### ABOUT THIS TASK
Restate the data word for word and leave the images out.
*** Block opens ***
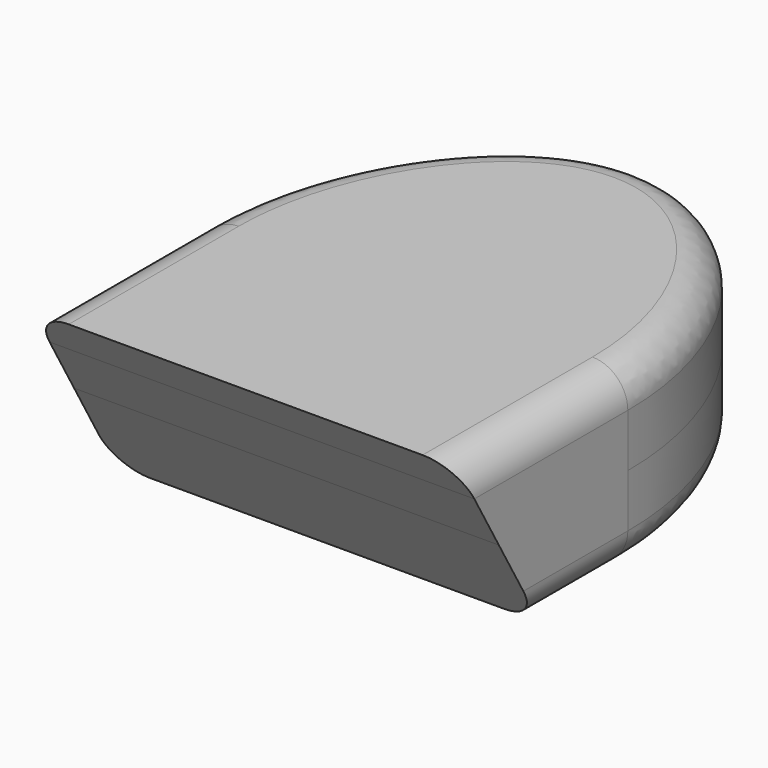
from build123d import *

# Parameters (mm, degrees)
F1_DEPTH = 12.5
F2_R     = 5
F4_DEPTH = 30


with BuildPart() as f1:
    # F0 (on Top) → F1 (new body, symmetric)
    with BuildSketch(Plane.XY):
        with BuildLine():
            Line((-30, 2.9789e-06), (-30, -30))
            Line((-30, -30), (0, -30))
            ThreePointArc((0, -30), (-21.2132044888, -21.2132023824), (-30, 2.9789e-06))
        make_face()
        with BuildLine():
            ThreePointArc((30, 0), (21.2132034356, -21.2132034356), (0, -30))
            Line((0, -30), (30, -30))
            Line((30, -30), (30, 0))
        make_face()
        with BuildLine():
            ThreePointArc((-30, 2.9789e-06), (-21.2132044888, -21.2132023824), (0, -30))
            ThreePointArc((0, -30), (21.2132034356, -21.2132034356), (30, 0))
            ThreePointArc((30, 0), (1.4895e-06, 30), (-30, 2.9789e-06))
        make_face()
        with BuildLine():
            add(Edge.make_bspline(
                [(0, 40), (-16.629870981, 40), (-30, 20.0504878896), (-30, 2.9789e-06)],
                knots=[0, 0, 0, 0, 49.9999976168, 49.9999976168, 49.9999976168, 49.9999976168], degree=3))
            ThreePointArc((-30, 2.9789e-06), (1.4895e-06, 30), (30, 0))
            add(Edge.make_bspline(
                [(0, 40), (16.629870981, 40), (30, 20.0504849106), (30, 0)],
                knots=[0, 0, 0, 0, 50, 50, 50, 50], degree=3))
        make_face()
    extrude(amount=F1_DEPTH, both=True)

    # F2
    f2_edges = [f1.edges().sort_by_distance(p)[0] for p in [
        (30, -15, -12.5),
        (30, -15, 12.5),
        (-30, -14.999999, 12.5),
        (-30, -14.999999, -12.5),
    ]]
    fillet(f2_edges, radius=F2_R)

    # F3 (on Right) → F4 (cut, symmetric)
    with BuildSketch(Plane.YZ):
        Polygon((-15.5662432703, -12.5), (-22.7831216351, 0), (-30, 0), (-30, -12.5), align=None)
        Polygon((-30, 0), (-22.7831216351, 0), (-27.1132486541, 7.5), (-30, 7.5), align=None)
        Polygon((-30, 7.5), (-27.1132486541, 7.5), (-30, 12.5), align=None)
    extrude(amount=F4_DEPTH, both=True, mode=Mode.SUBTRACT)


solid = f1.part
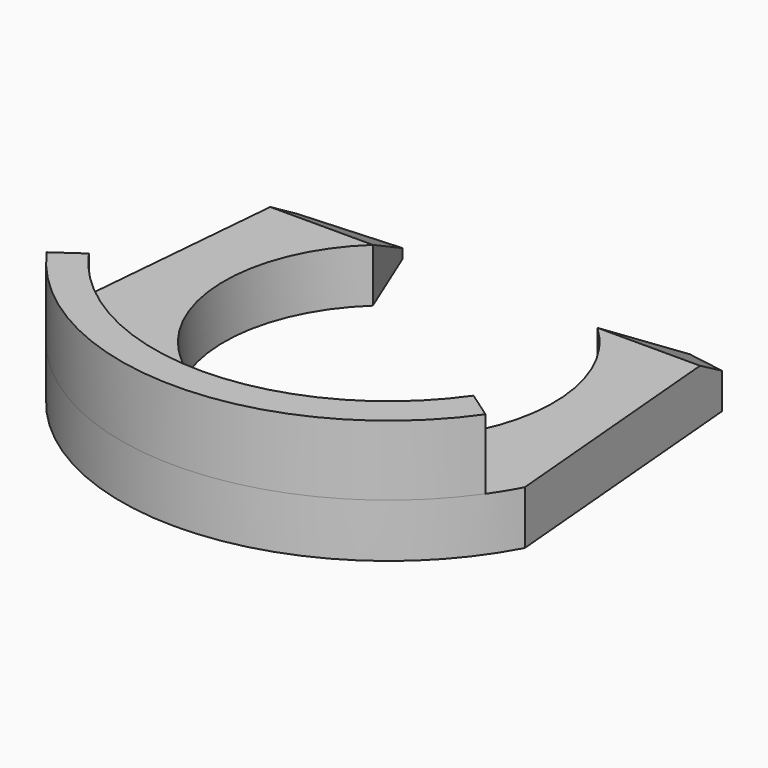
from build123d import *

# Parameters (mm, degrees)
F2_DEPTH = 1.3
F4_DEPTH = 1.7
F6_DEPTH = 12.5


# Not quite as in the source:
# - a feature of the source that left no trace in its solid (it failed there, or was rolled back) is left out


with BuildPart() as f2:
    # F1 (on Top) → F2 (new body)
    with BuildSketch(Plane.XY):
        with BuildLine():
            Line((-5.1537473182, 3.6727124144), (-5.7416372565, -3.0469003289))
            ThreePointArc((-5.7416372565, -3.0469003289), (0, -6.5), (5.7416372565, -3.0469003289))
            Line((5.7416372565, -3.0469003289), (5.1537473182, 3.6727124144))
            Line((5.1537473182, 3.6727124144), (3.4859795486, 4.7765922388))
            Line((3.4859795486, 4.7765922388), (2.7272692442, 2.9260899627))
            ThreePointArc((2.7272692442, 2.9260899627), (0, -4), (-2.7272692442, 2.9260899627))
            Line((-2.7272692442, 2.9260899627), (-3.4859795486, 4.7765922388))
            Line((-3.4859795486, 4.7765922388), (-5.1537473182, 3.6727124144))
        make_face()
    extrude(amount=F2_DEPTH)

    # F3 (on face) → F4 (join)
    with BuildSketch(Plane.XY.offset(1.3)):
        with BuildLine():
            Line((-4.6721311475, -3.2651478589), (-5.3278688525, -3.723414225))
            ThreePointArc((-5.3278688525, -3.723414225), (0, -6.5), (5.3278688525, -3.723414225))
            Line((5.3278688525, -3.723414225), (4.6721311475, -3.2651478589))
            ThreePointArc((4.6721311475, -3.2651478589), (0, -5.7), (-4.6721311475, -3.2651478589))
        make_face()
    extrude(amount=F4_DEPTH)

    # F5 (on Right) → F6 (cut, symmetric)
    with BuildSketch(Plane.YZ):
        Polygon((6.7765922388, 1.3), (2.9260899627, 1.3), (6.7765922388, -0.9230885256), align=None)
    extrude(amount=F6_DEPTH, both=True, mode=Mode.SUBTRACT)


solid = f2.part
*** Block closes ***
### RESPONSE FOR THIS EXERCISE
from build123d import *

# Parameters (mm, degrees)
F1_DEPTH = 12.5
F2_R     = 5
F4_DEPTH = 30


with BuildPart() as f1:
    # F0 (on Top) → F1 (new body, symmetric)
    with BuildSketch(Plane.XY):
        with BuildLine():
            Line((-30, 2.9789e-06), (-30, -30))
            Line((-30, -30), (0, -30))
            ThreePointArc((0, -30), (-21.2132044888, -21.2132023824), (-30, 2.9789e-06))
        make_face()
        with BuildLine():
            ThreePointArc((30, 0), (21.2132034356, -21.2132034356), (0, -30))
            Line((0, -30), (30, -30))
            Line((30, -30), (30, 0))
        make_face()
        with BuildLine():
            ThreePointArc((-30, 2.9789e-06), (-21.2132044888, -21.2132023824), (0, -30))
            ThreePointArc((0, -30), (21.2132034356, -21.2132034356), (30, 0))
            ThreePointArc((30, 0), (1.4895e-06, 30), (-30, 2.9789e-06))
        make_face()
        with BuildLine():
            add(Edge.make_bspline(
                [(0, 40), (-16.629870981, 40), (-30, 20.0504878896), (-30, 2.9789e-06)],
                knots=[0, 0, 0, 0, 49.9999976168, 49.9999976168, 49.9999976168, 49.9999976168], degree=3))
            ThreePointArc((-30, 2.9789e-06), (1.4895e-06, 30), (30, 0))
            add(Edge.make_bspline(
                [(0, 40), (16.629870981, 40), (30, 20.0504849106), (30, 0)],
                knots=[0, 0, 0, 0, 50, 50, 50, 50], degree=3))
        make_face()
    extrude(amount=F1_DEPTH, both=True)

    # F2
    f2_edges = [f1.edges().sort_by_distance(p)[0] for p in [
        (30, -15, -12.5),
        (30, -15, 12.5),
        (-30, -14.999999, 12.5),
        (-30, -14.999999, -12.5),
    ]]
    fillet(f2_edges, radius=F2_R)

    # F3 (on Right) → F4 (cut, symmetric)
    with BuildSketch(Plane.YZ):
        Polygon((-15.5662432703, -12.5), (-22.7831216351, 0), (-30, 0), (-30, -12.5), align=None)
        Polygon((-30, 0), (-22.7831216351, 0), (-27.1132486541, 7.5), (-30, 7.5), align=None)
        Polygon((-30, 7.5), (-27.1132486541, 7.5), (-30, 12.5), align=None)
    extrude(amount=F4_DEPTH, both=True, mode=Mode.SUBTRACT)


solid = f1.part
from build123d import *

# Parameters (mm, degrees)
F2_DEPTH = 1.3
F4_DEPTH = 1.7
F6_DEPTH = 12.5


# Not quite as in the source:
# - a feature of the source that left no trace in its solid (it failed there, or was rolled back) is left out


with BuildPart() as f2:
    # F1 (on Top) → F2 (new body)
    with BuildSketch(Plane.XY):
        with BuildLine():
            Line((-5.1537473182, 3.6727124144), (-5.7416372565, -3.0469003289))
            ThreePointArc((-5.7416372565, -3.0469003289), (0, -6.5), (5.7416372565, -3.0469003289))
            Line((5.7416372565, -3.0469003289), (5.1537473182, 3.6727124144))
            Line((5.1537473182, 3.6727124144), (3.4859795486, 4.7765922388))
            Line((3.4859795486, 4.7765922388), (2.7272692442, 2.9260899627))
            ThreePointArc((2.7272692442, 2.9260899627), (0, -4), (-2.7272692442, 2.9260899627))
            Line((-2.7272692442, 2.9260899627), (-3.4859795486, 4.7765922388))
            Line((-3.4859795486, 4.7765922388), (-5.1537473182, 3.6727124144))
        make_face()
    extrude(amount=F2_DEPTH)

    # F3 (on face) → F4 (join)
    with BuildSketch(Plane.XY.offset(1.3)):
        with BuildLine():
            Line((-4.6721311475, -3.2651478589), (-5.3278688525, -3.723414225))
            ThreePointArc((-5.3278688525, -3.723414225), (0, -6.5), (5.3278688525, -3.723414225))
            Line((5.3278688525, -3.723414225), (4.6721311475, -3.2651478589))
            ThreePointArc((4.6721311475, -3.2651478589), (0, -5.7), (-4.6721311475, -3.2651478589))
        make_face()
    extrude(amount=F4_DEPTH)

    # F5 (on Right) → F6 (cut, symmetric)
    with BuildSketch(Plane.YZ):
        Polygon((6.7765922388, 1.3), (2.9260899627, 1.3), (6.7765922388, -0.9230885256), align=None)
    extrude(amount=F6_DEPTH, both=True, mode=Mode.SUBTRACT)


solid = f2.part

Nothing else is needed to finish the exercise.